((

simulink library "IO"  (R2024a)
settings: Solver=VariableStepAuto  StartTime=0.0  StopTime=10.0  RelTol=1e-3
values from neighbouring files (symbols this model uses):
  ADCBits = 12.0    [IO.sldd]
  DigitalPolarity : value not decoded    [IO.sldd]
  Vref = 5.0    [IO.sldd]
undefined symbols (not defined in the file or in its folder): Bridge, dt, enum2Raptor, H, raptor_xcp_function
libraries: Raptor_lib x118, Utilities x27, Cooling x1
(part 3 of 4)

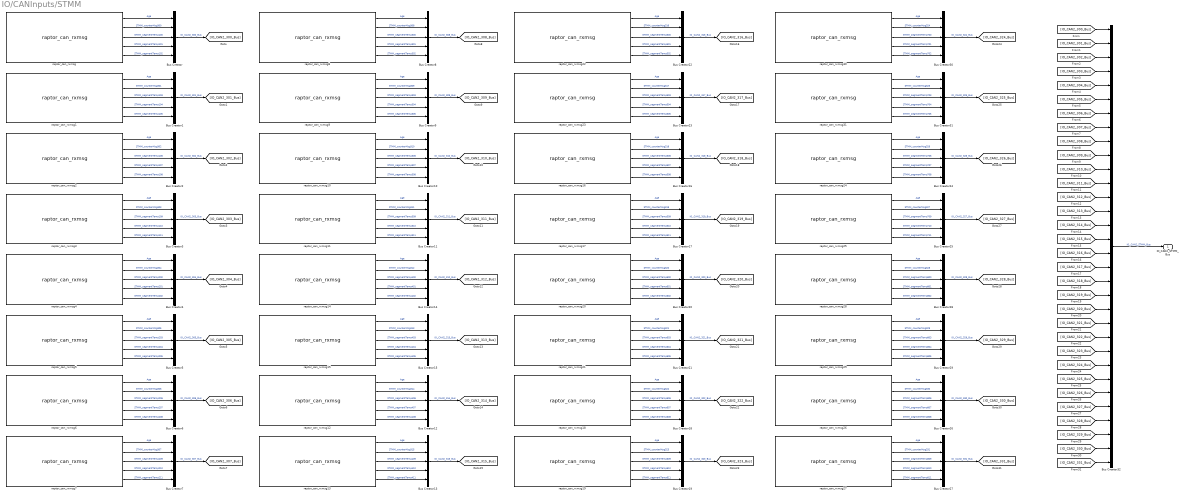
== system IO/CANInputs/STMM ==
  Bus Creator{,1..31} (32 alike) : BusCreator  Inputs=5
  Bus Creator32 : BusCreator  Inputs=32
  raptor_can_rxmsg : Raptor_lib/CAN/raptor_can_rxmsg  canDefinition=struct('dbcFile', 'raptor_CAN2.dbc','message', 'STMM_300','comment', '','signals', {{'STMM_counterMsg300','STMM_segmentTemp100','STMM_segmentTemp101','STMM_segmentTemp102'}},'enabled', [ 1 1 1 1;],'scaled', [ 1 1 1 1;],'canBus', '''CAN2''','messageID', [ 300;],'idMask', [ 536870911;],'payloadMask', [],'payloadValue', [],'period', [ 0;],'mailbox', '''''','queueSize', [ 1;],'label', [ 1;],'ver', [ 2;],'showID', [ 0;],'showRaw', [ 0;],'showRawMsg', [ 0;],'useStartVals', [ 0;],'extendedId', [ 0;],'showAge', [ 1;],'useSimFunc', [ 0;],'sim_func_name', '''''','fill', [ 0;],'editID', [ 0;],'signalOrder', [ 1;],'signalAscDes', [ 1;],'msgLength', [ 8;])  canBus='CAN2'  mailbox=''  payloadMask=[]  payloadValue=[]  idMask=hex2dec('1FFFFFFF')  queueSize=1  showID=0  label=1  fill=0  id=300  showRaw=0  showAge=1  signalOrder=1  signalInfo={{struct('Name', 'STMM_counterMsg300','StartBit', [ 0;],'SignalSize', [ 4;],'ByteOrder', 'LittleEndian','ValueType', 'UNSIGNED','Class', 'uint8','Signed', [ 0;],'Factor', [ 1;],'Offset', [ 0;],'Min', [ 0;],'Max', [ 15;],'Units', '','StartVal', [ 0;],'Comment', 'Counter Message 300','Multiplexed', [ 0;],'Multiplexor', [ 0;],'MultiplexMode_Min', [],'MultiplexMode_Max', []),struct('Name', 'STMM_segmentTemp100','StartBit', [ 16;],'SignalSize', [ 16;],'ByteOrder', 'LittleEndian','ValueType', 'SIGNED','Class', 'int16','Signed', [ 1;],'Factor', [ 0.1;],'Offset', [ 0;],'Min', [ -5;],'Max', [ 120;],'Units', 'degC','StartVal', [ 0;],'Comment', 'Segment 1 module 0','Multiplexed', [ 0;],'Multiplexor', [ 0;],'MultiplexMode_Min', [],'MultiplexMode_Max', []),struct('Name', 'STMM_segmentTemp101','StartBit', [ 32;],'SignalSize', [ 16;],'ByteOrder', 'LittleEndian','ValueType', 'SIGNED','Class', 'int16','Signed', [ 1;],'Factor', [ 0.1;],'Offset', [ 0;],'Min', [ -5;],'Max', [ 120;],'Units', 'degC','StartVal', [ 0;],'Comment', 'Segment 1 module 1','Multiplexed', [ 0;],'Multiplexor', [ 0;],'MultiplexMode_Min', [],'MultiplexMode_Max', []),struct('Name', 'STMM_segmentTemp102','StartBit', [ 48;],'SignalSize', [ 16;],'ByteOrder', 'LittleEndian','ValueType', 'SIGNED','Class', 'int16','Signed', [ 1;],'Factor', [ 0.1;],'Offset', [ 0;],'Min', [ -5;],'Max', [ 120;],'Units', 'degC','StartVal', [ 0;],'Comment', 'Segment 1 module 2','Multiplexed', [ 0;],'Multiplexor', [ 0;],'MultiplexMode_Min', [],'MultiplexMode_Max', [])}}  showRawMsg=0  useSimFunc=0  sim_func_name=''  useStartVals=0  extendedId=0
      settings: SourceProductName=Raptor
  raptor_can_rxmsg1 : Raptor_lib/CAN/raptor_can_rxmsg  canDefinition=struct('dbcFile', 'raptor_CAN2.dbc','message', 'STMM_301','comment', '','signals', {{'STMM_counterMsg301','STMM_segmentTemp103','STMM_segmentTemp104','STMM_segmentTemp105'}},'enabled', [ 1 1 1 1;],'scaled', [ 1 1 1 1;],'canBus', '''CAN2''','messageID', [ 301;],'idMask', [ 536870911;],'payloadMask', [],'payloadValue', [],'period', [ 0;],'mailbox', '''''','queueSize', [ 1;],'label', [ 1;],'ver', [ 2;],'showID', [ 0;],'showRaw', [ 0;],'showRawMsg', [ 0;],'useStartVals', [ 0;],'extendedId', [ 0;],'showAge', [ 1;],'useSimFunc', [ 0;],'sim_func_name', '''''','fill', [ 0;],'editID', [ 0;],'signalOrder', [ 1;],'signalAscDes', [ 1;],'msgLength', [ 8;])  canBus='CAN2'  mailbox=''  payloadMask=[]  payloadValue=[]  idMask=hex2dec('1FFFFFFF')  queueSize=1  showID=0  label=1  fill=0  id=301  showRaw=0  showAge=1  signalOrder=1  signalInfo={{struct('Name', 'STMM_counterMsg301','StartBit', [ 0;],'SignalSize', [ 4;],'ByteOrder', 'LittleEndian','ValueType', 'UNSIGNED','Class', 'uint8','Signed', [ 0;],'Factor', [ 1;],'Offset', [ 0;],'Min', [ 0;],'Max', [ 15;],'Units', '','StartVal', [ 0;],'Comment', 'Counter Message 301','Multiplexed', [ 0;],'Multiplexor', [ 0;],'MultiplexMode_Min', [],'MultiplexMode_Max', []),struct('Name', 'STMM_segmentTemp103','StartBit', [ 16;],'SignalSize', [ 16;],'ByteOrder', 'LittleEndian','ValueType', 'SIGNED','Class', 'int16','Signed', [ 1;],'Factor', [ 0.1;],'Offset', [ 0;],'Min', [ -5;],'Max', [ 120;],'Units', 'degC','StartVal', [ 0;],'Comment', 'Segment 1 module 3','Multiplexed', [ 0;],'Multiplexor', [ 0;],'MultiplexMode_Min', [],'MultiplexMode_Max', []),struct('Name', 'STMM_segmentTemp104','StartBit', [ 32;],'SignalSize', [ 16;],'ByteOrder', 'LittleEndian','ValueType', 'SIGNED','Class', 'int16','Signed', [ 1;],'Factor', [ 0.1;],'Offset', [ 0;],'Min', [ -5;],'Max', [ 120;],'Units', 'degC','StartVal', [ 0;],'Comment', 'Segment 1 module 4','Multiplexed', [ 0;],'Multiplexor', [ 0;],'MultiplexMode_Min', [],'MultiplexMode_Max', []),struct('Name', 'STMM_segmentTemp105','StartBit', [ 48;],'SignalSize', [ 16;],'ByteOrder', 'LittleEndian','ValueType', 'SIGNED','Class', 'int16','Signed', [ 1;],'Factor', [ 0.1;],'Offset', [ 0;],'Min', [ -5;],'Max', [ 120;],'Units', 'degC','StartVal', [ 0;],'Comment', 'Segment 1 module 5','Multiplexed', [ 0;],'Multiplexor', [ 0;],'MultiplexMode_Min', [],'MultiplexMode_Max', [])}}  showRawMsg=0  useSimFunc=0  sim_func_name=''  useStartVals=0  extendedId=0
      settings: SourceProductName=Raptor
  raptor_can_rxmsg10 : Raptor_lib/CAN/raptor_can_rxmsg  canDefinition=struct('dbcFile', 'raptor_CAN2.dbc','message', 'STMM_310','comment', '','signals', {{'STMM_counterMsg310','STMM_segmentTemp306','STMM_segmentTemp307','STMM_segmentTemp308'}},'enabled', [ 1 1 1 1;],'scaled', [ 1 1 1 1;],'canBus', '''CAN2''','messageID', [ 310;],'idMask', [ 536870911;],'payloadMask', [],'payloadValue', [],'period', [ 0;],'mailbox', '''''','queueSize', [ 1;],'label', [ 1;],'ver', [ 2;],'showID', [ 0;],'showRaw', [ 0;],'showRawMsg', [ 0;],'useStartVals', [ 0;],'extendedId', [ 0;],'showAge', [ 1;],'useSimFunc', [ 0;],'sim_func_name', '''''','fill', [ 0;],'editID', [ 0;],'signalOrder', [ 1;],'signalAscDes', [ 1;],'msgLength', [ 8;])  canBus='CAN2'  mailbox=''  payloadMask=[]  payloadValue=[]  idMask=hex2dec('1FFFFFFF')  queueSize=1  showID=0  label=1  fill=0  id=310  showRaw=0  showAge=1  signalOrder=1  signalInfo={{struct('Name', 'STMM_counterMsg310','StartBit', [ 0;],'SignalSize', [ 4;],'ByteOrder', 'LittleEndian','ValueType', 'UNSIGNED','Class', 'uint8','Signed', [ 0;],'Factor', [ 1;],'Offset', [ 0;],'Min', [ 0;],'Max', [ 15;],'Units', '','StartVal', [ 0;],'Comment', 'Counter Message 310','Multiplexed', [ 0;],'Multiplexor', [ 0;],'MultiplexMode_Min', [],'MultiplexMode_Max', []),struct('Name', 'STMM_segmentTemp306','StartBit', [ 16;],'SignalSize', [ 16;],'ByteOrder', 'LittleEndian','ValueType', 'SIGNED','Class', 'int16','Signed', [ 1;],'Factor', [ 0.1;],'Offset', [ 0;],'Min', [ -5;],'Max', [ 120;],'Units', 'degC','StartVal', [ 0;],'Comment', 'Segment 3 module 6','Multiplexed', [ 0;],'Multiplexor', [ 0;],'MultiplexMode_Min', [],'MultiplexMode_Max', []),struct('Name', 'STMM_segmentTemp307','StartBit', [ 32;],'SignalSize', [ 16;],'ByteOrder', 'LittleEndian','ValueType', 'SIGNED','Class', 'int16','Signed', [ 1;],'Factor', [ 0.1;],'Offset', [ 0;],'Min', [ -5;],'Max', [ 120;],'Units', 'degC','StartVal', [ 0;],'Comment', 'Segment 3 module 7','Multiplexed', [ 0;],'Multiplexor', [ 0;],'MultiplexMode_Min', [],'MultiplexMode_Max', []),struct('Name', 'STMM_segmentTemp308','StartBit', [ 48;],'SignalSize', [ 16;],'ByteOrder', 'LittleEndian','ValueType', 'SIGNED','Class', 'int16','Signed', [ 1;],'Factor', [ 0.1;],'Offset', [ 0;],'Min', [ -5;],'Max', [ 120;],'Units', 'degC','StartVal', [ 0;],'Comment', 'Segment 3 module 8','Multiplexed', [ 0;],'Multiplexor', [ 0;],'MultiplexMode_Min', [],'MultiplexMode_Max', [])}}  showRawMsg=0  useSimFunc=0  sim_func_name=''  useStartVals=0  extendedId=0
      settings: SourceProductName=Raptor
  raptor_can_rxmsg11 : Raptor_lib/CAN/raptor_can_rxmsg  canDefinition=struct('dbcFile', 'raptor_CAN2.dbc','message', 'STMM_311','comment', '','signals', {{'STMM_counterMsg311','STMM_segmentTemp309','STMM_segmentTemp310','STMM_segmentTemp311'}},'enabled', [ 1 1 1 1;],'scaled', [ 1 1 1 1;],'canBus', '''CAN2''','messageID', [ 311;],'idMask', [ 536870911;],'payloadMask', [],'payloadValue', [],'period', [ 0;],'mailbox', '''''','queueSize', [ 1;],'label', [ 1;],'ver', [ 2;],'showID', [ 0;],'showRaw', [ 0;],'showRawMsg', [ 0;],'useStartVals', [ 0;],'extendedId', [ 0;],'showAge', [ 1;],'useSimFunc', [ 0;],'sim_func_name', '''''','fill', [ 0;],'editID', [ 0;],'signalOrder', [ 1;],'signalAscDes', [ 1;],'msgLength', [ 8;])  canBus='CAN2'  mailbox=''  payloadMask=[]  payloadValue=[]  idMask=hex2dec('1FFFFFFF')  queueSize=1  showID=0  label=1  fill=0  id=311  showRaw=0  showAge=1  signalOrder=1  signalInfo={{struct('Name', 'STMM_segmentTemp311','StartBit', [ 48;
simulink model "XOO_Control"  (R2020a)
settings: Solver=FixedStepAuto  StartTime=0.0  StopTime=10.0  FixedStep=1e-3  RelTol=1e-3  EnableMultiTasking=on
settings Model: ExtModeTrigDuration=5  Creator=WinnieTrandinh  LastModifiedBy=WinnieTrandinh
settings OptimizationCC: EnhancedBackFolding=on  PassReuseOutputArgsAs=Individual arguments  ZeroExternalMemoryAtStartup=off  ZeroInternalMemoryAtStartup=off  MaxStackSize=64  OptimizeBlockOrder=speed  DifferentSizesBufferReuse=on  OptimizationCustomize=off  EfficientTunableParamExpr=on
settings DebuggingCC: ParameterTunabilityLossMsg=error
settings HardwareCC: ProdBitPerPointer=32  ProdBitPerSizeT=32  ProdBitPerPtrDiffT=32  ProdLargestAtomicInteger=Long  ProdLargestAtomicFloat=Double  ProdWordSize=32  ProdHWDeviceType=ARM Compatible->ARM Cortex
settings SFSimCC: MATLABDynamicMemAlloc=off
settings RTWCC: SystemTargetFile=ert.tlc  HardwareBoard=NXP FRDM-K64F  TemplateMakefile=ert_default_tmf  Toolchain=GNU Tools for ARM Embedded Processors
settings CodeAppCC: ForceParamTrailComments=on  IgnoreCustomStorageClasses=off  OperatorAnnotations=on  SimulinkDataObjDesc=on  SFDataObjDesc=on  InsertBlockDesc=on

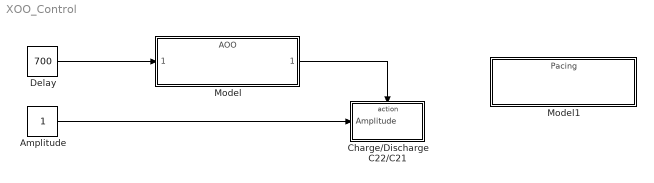
== system XOO_Control ==
  Amplitude : Constant
  Charge/Discharge C22/C21 : Subsystem  TreatAsAtomicUnit=on
  Delay : Constant  Value=700
  Model : ModelReference  ModelNameDialog=AOO.slx  SimulationMode=Normal  ModelReferenceVersion=1.5
  Model1 : ModelReference  ModelNameDialog=Pacing.slx  SimulationMode=Normal  ModelReferenceVersion=1.1
  wires:
  Delay/1 -> Model/1
  Model/1 -> Charge/Discharge C22/C21/Action
  Amplitude/1 -> Charge/Discharge C22/C21/1(Amplitude)

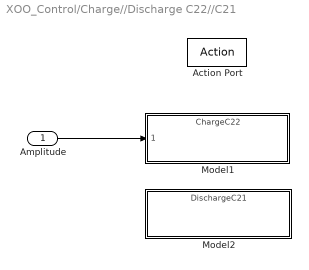
== system XOO_Control/Charge//Discharge C22//C21 ==
  Amplitude : Inport
  Action Port : ActionPort
  Model1 : ModelReference  ModelNameDialog=ChargeC22.slx  SimulationMode=Normal  ModelReferenceVersion=1.9
  Model2 : ModelReference  ModelNameDialog=DischargeC21.slx  SimulationMode=Normal  ModelReferenceVersion=1.2
  wires:
  Amplitude/1 -> Model1/1

))

Exercise: All lines in the preceding records that hold the word "StopTime" need to be copied.

Finished task:
settings: Solver=VariableStepAuto  StartTime=0.0  StopTime=10.0  RelTol=1e-3
settings: Solver=FixedStepAuto  StartTime=0.0  StopTime=10.0  FixedStep=1e-3  RelTol=1e-3  EnableMultiTasking=on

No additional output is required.